| EXERCISE MATERIAL |
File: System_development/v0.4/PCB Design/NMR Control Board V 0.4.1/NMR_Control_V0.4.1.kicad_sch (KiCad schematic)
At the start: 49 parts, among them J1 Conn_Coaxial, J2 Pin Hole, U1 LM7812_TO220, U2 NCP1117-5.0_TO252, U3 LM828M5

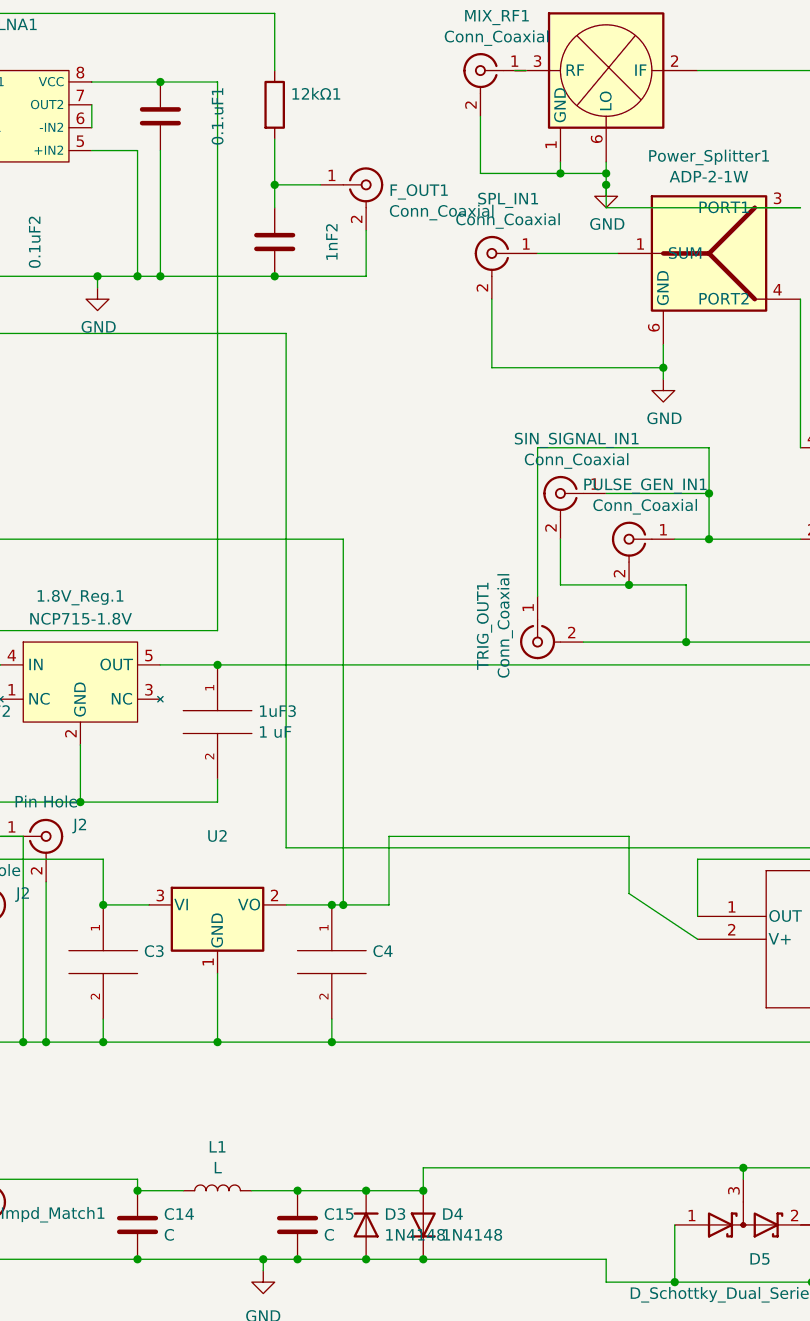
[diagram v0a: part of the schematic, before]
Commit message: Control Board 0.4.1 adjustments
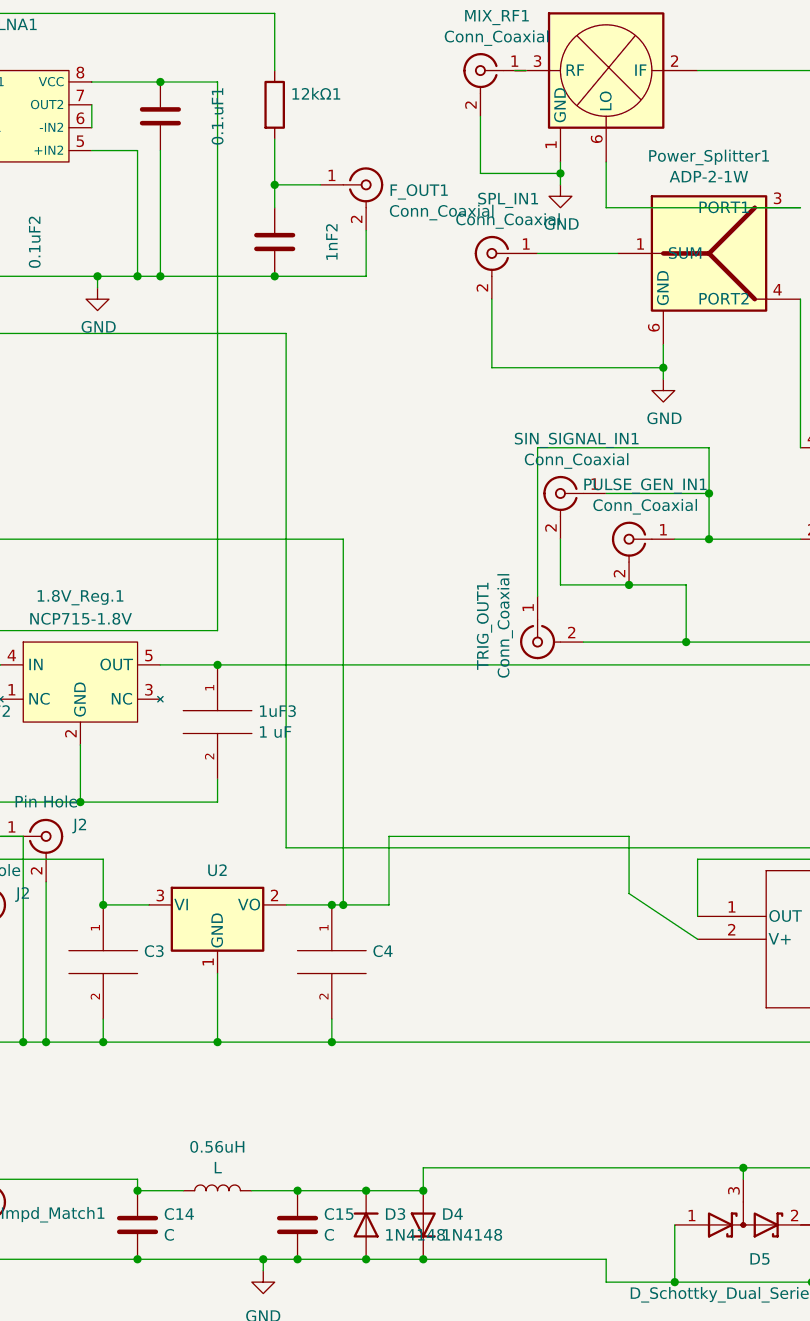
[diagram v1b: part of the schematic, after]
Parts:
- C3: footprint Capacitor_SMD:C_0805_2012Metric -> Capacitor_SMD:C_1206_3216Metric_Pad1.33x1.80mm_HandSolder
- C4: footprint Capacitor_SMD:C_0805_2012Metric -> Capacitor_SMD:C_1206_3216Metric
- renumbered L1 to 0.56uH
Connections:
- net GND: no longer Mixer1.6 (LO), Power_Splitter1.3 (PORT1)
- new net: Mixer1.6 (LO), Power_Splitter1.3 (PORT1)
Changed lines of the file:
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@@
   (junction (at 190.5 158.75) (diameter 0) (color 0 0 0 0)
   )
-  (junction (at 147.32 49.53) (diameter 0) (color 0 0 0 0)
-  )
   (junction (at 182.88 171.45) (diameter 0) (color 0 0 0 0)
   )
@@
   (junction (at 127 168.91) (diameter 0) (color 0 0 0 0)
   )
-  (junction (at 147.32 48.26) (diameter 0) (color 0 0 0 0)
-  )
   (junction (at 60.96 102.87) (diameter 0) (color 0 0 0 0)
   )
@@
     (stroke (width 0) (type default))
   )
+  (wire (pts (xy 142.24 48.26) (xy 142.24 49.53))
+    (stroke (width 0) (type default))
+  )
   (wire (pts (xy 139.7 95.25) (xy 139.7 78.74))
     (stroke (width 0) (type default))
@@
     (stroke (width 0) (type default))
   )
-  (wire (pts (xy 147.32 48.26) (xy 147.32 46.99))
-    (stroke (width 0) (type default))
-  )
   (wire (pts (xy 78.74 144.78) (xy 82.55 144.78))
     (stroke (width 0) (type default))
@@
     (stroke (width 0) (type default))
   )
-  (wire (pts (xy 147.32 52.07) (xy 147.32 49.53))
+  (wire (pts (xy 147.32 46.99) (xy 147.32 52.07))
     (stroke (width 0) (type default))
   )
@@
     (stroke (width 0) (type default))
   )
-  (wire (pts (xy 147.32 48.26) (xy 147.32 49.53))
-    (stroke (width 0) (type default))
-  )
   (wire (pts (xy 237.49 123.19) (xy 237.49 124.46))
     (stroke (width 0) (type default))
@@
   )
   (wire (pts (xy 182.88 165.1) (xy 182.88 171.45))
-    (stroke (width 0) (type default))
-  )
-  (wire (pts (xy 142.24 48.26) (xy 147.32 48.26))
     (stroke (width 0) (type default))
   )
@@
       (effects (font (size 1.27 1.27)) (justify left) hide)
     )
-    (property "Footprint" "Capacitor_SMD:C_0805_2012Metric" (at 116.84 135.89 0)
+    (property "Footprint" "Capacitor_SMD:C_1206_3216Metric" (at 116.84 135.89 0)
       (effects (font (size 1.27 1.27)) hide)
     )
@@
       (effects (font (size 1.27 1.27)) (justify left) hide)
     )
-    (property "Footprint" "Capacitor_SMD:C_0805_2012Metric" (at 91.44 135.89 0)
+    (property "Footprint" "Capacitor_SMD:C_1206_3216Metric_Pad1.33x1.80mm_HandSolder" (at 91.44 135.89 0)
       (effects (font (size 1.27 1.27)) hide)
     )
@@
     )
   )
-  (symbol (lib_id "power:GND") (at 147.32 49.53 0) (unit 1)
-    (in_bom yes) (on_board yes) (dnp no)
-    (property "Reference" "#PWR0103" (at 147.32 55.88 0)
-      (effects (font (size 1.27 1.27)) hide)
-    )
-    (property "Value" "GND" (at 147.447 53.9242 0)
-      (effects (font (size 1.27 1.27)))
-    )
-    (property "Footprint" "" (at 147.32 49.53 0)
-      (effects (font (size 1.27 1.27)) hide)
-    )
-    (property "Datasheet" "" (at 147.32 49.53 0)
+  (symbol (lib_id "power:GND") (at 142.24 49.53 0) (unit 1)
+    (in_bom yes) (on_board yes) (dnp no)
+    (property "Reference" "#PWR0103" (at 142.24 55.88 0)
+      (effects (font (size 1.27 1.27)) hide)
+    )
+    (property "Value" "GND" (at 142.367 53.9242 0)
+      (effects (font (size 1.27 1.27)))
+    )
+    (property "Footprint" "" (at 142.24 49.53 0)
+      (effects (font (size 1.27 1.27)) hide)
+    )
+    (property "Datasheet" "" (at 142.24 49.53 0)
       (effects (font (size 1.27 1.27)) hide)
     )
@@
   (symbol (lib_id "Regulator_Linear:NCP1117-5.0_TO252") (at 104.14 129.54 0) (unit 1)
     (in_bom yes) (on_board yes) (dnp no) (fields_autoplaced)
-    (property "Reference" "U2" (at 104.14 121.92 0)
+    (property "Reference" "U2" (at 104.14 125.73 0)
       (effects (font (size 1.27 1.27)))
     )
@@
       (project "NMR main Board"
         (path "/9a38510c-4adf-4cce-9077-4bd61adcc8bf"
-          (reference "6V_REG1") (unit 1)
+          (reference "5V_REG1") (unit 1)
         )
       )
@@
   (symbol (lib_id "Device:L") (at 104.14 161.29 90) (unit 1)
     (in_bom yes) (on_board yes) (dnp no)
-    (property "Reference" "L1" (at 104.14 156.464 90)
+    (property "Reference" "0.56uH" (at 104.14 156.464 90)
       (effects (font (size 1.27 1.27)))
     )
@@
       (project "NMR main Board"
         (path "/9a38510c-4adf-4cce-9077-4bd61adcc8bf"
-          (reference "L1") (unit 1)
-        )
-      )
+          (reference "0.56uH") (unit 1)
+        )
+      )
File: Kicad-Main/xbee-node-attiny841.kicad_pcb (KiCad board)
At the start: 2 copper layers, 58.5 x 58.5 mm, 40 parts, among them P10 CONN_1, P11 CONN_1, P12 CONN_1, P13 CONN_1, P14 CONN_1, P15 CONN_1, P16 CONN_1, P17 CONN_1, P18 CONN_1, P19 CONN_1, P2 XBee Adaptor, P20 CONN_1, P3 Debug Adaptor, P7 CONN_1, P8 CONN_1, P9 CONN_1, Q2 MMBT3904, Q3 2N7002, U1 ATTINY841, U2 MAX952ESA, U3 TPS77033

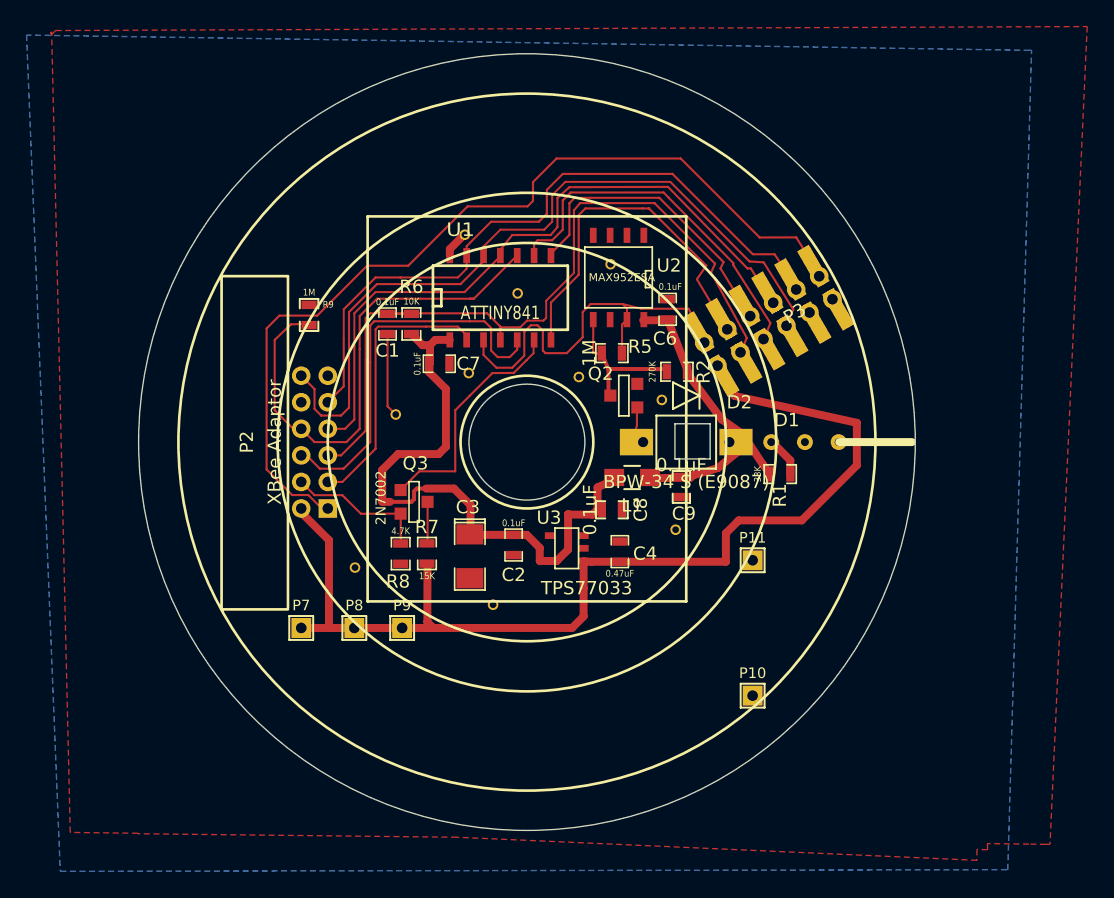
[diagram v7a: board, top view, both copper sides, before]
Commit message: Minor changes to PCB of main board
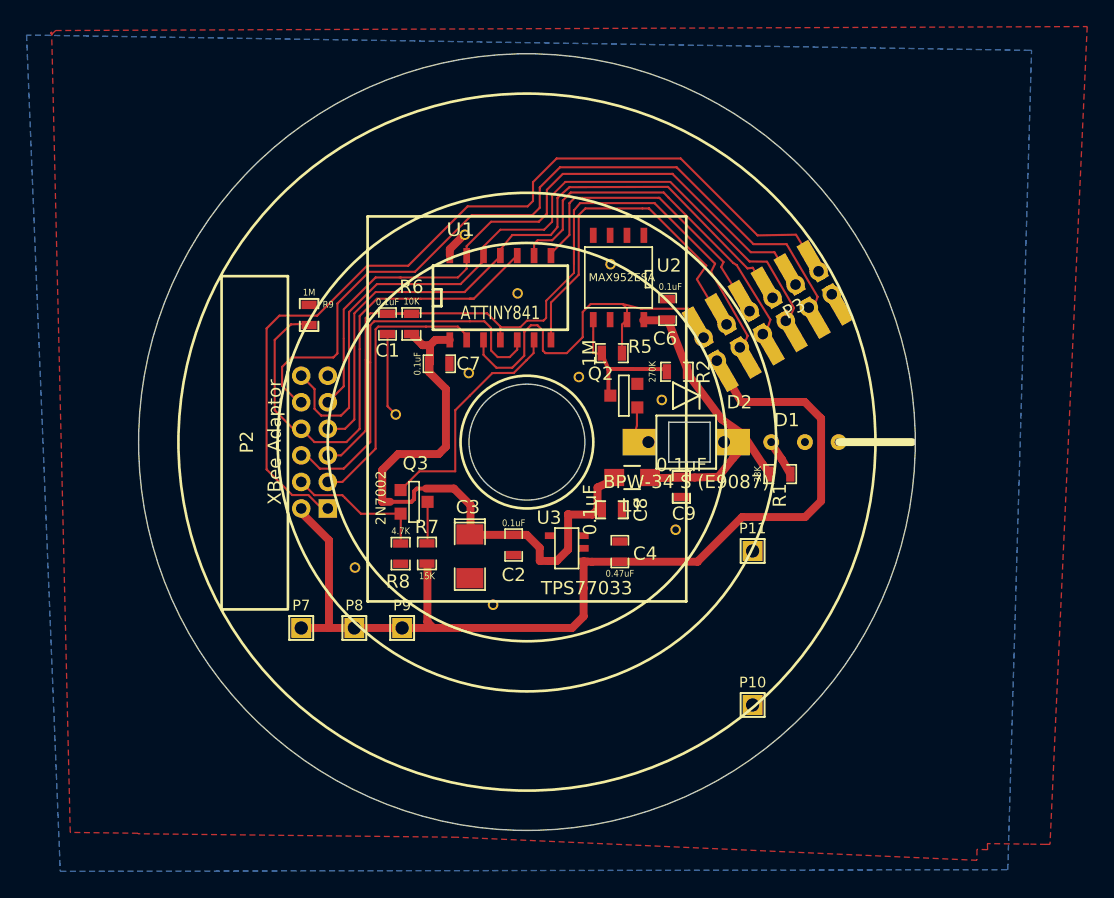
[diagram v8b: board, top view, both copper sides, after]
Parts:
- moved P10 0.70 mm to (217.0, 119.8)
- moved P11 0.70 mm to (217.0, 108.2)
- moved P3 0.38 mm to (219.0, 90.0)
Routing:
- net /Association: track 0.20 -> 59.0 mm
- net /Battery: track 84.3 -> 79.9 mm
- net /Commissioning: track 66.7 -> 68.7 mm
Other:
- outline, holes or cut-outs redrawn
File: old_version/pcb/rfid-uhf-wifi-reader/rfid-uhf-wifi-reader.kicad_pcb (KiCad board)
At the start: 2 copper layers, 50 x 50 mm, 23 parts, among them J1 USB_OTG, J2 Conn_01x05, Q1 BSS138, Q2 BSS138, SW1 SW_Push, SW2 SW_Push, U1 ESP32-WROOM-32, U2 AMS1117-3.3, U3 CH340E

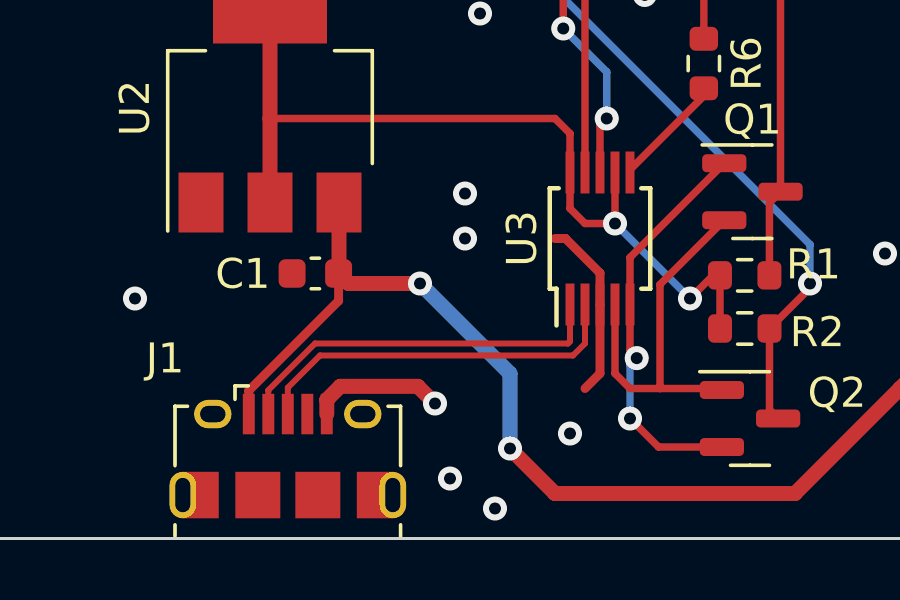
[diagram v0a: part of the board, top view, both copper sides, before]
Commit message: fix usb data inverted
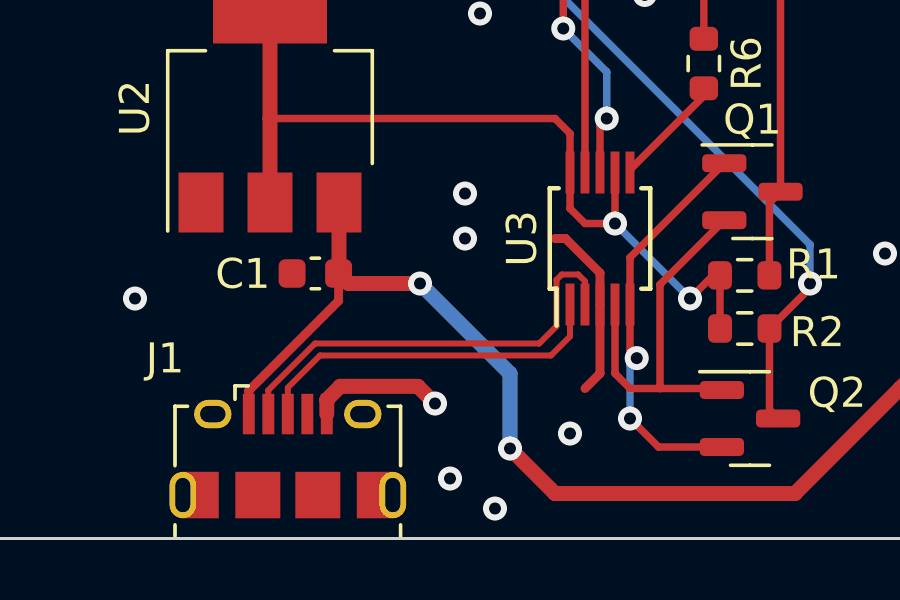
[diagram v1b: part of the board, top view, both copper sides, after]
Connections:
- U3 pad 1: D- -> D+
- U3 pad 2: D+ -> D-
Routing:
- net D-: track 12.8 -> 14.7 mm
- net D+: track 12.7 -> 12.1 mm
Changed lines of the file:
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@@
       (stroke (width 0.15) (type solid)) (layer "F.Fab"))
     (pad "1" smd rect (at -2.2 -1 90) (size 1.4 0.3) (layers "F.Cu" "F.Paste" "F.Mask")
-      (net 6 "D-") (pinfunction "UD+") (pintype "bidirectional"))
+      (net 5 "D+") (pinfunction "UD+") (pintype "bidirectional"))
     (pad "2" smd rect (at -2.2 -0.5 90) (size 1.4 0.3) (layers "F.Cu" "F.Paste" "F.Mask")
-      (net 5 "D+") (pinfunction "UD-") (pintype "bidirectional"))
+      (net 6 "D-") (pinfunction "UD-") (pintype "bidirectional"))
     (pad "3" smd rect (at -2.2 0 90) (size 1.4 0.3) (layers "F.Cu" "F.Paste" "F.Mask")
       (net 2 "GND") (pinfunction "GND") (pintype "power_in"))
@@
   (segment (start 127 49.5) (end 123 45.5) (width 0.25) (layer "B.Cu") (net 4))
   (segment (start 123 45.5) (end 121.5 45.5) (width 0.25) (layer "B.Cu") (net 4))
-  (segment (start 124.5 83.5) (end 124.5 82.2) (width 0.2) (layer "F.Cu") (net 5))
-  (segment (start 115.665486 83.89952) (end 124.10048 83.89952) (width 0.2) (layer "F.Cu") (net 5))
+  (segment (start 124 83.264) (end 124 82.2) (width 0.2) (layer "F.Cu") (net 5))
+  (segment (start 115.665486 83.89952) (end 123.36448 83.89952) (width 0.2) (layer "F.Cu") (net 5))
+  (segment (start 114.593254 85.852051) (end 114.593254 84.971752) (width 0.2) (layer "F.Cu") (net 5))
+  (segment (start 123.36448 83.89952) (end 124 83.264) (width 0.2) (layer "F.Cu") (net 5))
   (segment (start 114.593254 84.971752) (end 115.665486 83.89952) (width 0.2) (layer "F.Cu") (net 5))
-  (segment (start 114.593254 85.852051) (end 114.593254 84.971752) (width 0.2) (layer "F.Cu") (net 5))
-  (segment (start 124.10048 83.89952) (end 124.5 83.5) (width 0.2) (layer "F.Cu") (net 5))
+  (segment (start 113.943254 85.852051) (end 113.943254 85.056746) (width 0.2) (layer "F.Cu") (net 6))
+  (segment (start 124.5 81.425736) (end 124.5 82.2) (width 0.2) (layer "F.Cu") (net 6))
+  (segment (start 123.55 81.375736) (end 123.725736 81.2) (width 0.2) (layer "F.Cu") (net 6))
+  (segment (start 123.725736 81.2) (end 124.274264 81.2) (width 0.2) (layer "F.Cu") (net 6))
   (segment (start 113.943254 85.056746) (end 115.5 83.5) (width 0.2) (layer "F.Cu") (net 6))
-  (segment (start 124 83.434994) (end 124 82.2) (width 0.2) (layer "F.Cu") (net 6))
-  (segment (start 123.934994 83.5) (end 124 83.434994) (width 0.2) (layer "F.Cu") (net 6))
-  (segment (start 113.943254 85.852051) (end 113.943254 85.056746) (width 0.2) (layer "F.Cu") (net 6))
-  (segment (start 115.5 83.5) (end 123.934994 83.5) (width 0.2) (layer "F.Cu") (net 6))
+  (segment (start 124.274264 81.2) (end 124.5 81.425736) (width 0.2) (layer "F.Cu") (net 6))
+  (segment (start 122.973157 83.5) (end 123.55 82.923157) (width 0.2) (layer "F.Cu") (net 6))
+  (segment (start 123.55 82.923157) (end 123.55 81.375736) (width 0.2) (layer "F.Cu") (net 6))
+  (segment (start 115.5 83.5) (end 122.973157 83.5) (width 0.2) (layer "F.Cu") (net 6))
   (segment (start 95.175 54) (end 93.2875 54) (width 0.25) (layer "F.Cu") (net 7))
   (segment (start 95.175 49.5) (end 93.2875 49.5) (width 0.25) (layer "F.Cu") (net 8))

| REQUIREMENT |
Start at the line containing "(segment (start 124.274264" and return each line up to and including the last line of the material.

| EXPECTED ANSWER |
+  (segment (start 124.274264 81.2) (end 124.5 81.425736) (width 0.2) (layer "F.Cu") (net 6))
+  (segment (start 122.973157 83.5) (end 123.55 82.923157) (width 0.2) (layer "F.Cu") (net 6))
+  (segment (start 123.55 82.923157) (end 123.55 81.375736) (width 0.2) (layer "F.Cu") (net 6))
+  (segment (start 115.5 83.5) (end 122.973157 83.5) (width 0.2) (layer "F.Cu") (net 6))
   (segment (start 95.175 54) (end 93.2875 54) (width 0.25) (layer "F.Cu") (net 7))
   (segment (start 95.175 49.5) (end 93.2875 49.5) (width 0.25) (layer "F.Cu") (net 8))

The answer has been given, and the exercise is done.